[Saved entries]
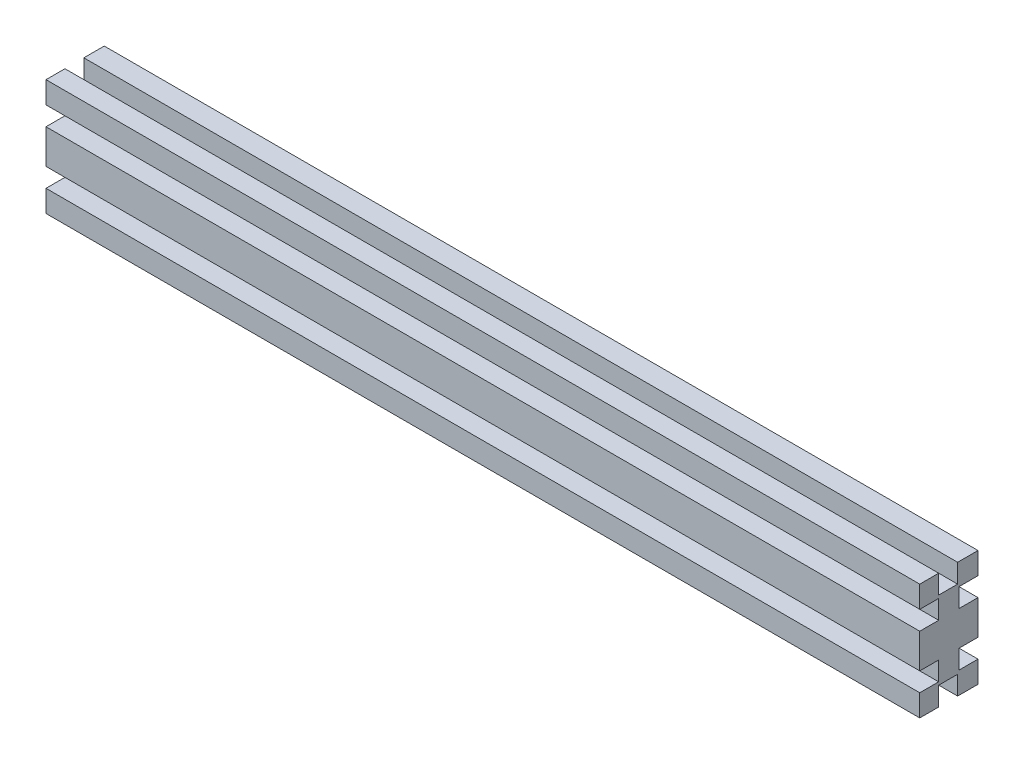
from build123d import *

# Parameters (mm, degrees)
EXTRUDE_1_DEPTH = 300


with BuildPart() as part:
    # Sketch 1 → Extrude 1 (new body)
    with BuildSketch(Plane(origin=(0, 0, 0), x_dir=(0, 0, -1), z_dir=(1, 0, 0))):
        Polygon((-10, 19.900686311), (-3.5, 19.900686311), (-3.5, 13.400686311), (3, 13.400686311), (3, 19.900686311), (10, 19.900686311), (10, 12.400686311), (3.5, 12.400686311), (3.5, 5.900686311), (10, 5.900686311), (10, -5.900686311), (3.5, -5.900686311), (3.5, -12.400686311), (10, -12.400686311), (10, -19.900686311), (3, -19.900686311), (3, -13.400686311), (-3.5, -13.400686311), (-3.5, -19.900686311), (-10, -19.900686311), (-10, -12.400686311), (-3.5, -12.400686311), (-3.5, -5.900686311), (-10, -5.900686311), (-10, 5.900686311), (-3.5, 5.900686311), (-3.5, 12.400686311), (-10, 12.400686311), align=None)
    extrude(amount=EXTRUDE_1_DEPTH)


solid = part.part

§ Problem details
Both end lines included, restate word for word the lines above from the line with "EXTRUDE_1_DEPTH = 300" to the line with "extrude(amount=EXTRUDE_1_DEPTH)", and nothing else.

§ Answer to the exercise
EXTRUDE_1_DEPTH = 300


with BuildPart() as part:
    # Sketch 1 → Extrude 1 (new body)
    with BuildSketch(Plane(origin=(0, 0, 0), x_dir=(0, 0, -1), z_dir=(1, 0, 0))):
        Polygon((-10, 19.900686311), (-3.5, 19.900686311), (-3.5, 13.400686311), (3, 13.400686311), (3, 19.900686311), (10, 19.900686311), (10, 12.400686311), (3.5, 12.400686311), (3.5, 5.900686311), (10, 5.900686311), (10, -5.900686311), (3.5, -5.900686311), (3.5, -12.400686311), (10, -12.400686311), (10, -19.900686311), (3, -19.900686311), (3, -13.400686311), (-3.5, -13.400686311), (-3.5, -19.900686311), (-10, -19.900686311), (-10, -12.400686311), (-3.5, -12.400686311), (-3.5, -5.900686311), (-10, -5.900686311), (-10, 5.900686311), (-3.5, 5.900686311), (-3.5, 12.400686311), (-10, 12.400686311), align=None)
    extrude(amount=EXTRUDE_1_DEPTH)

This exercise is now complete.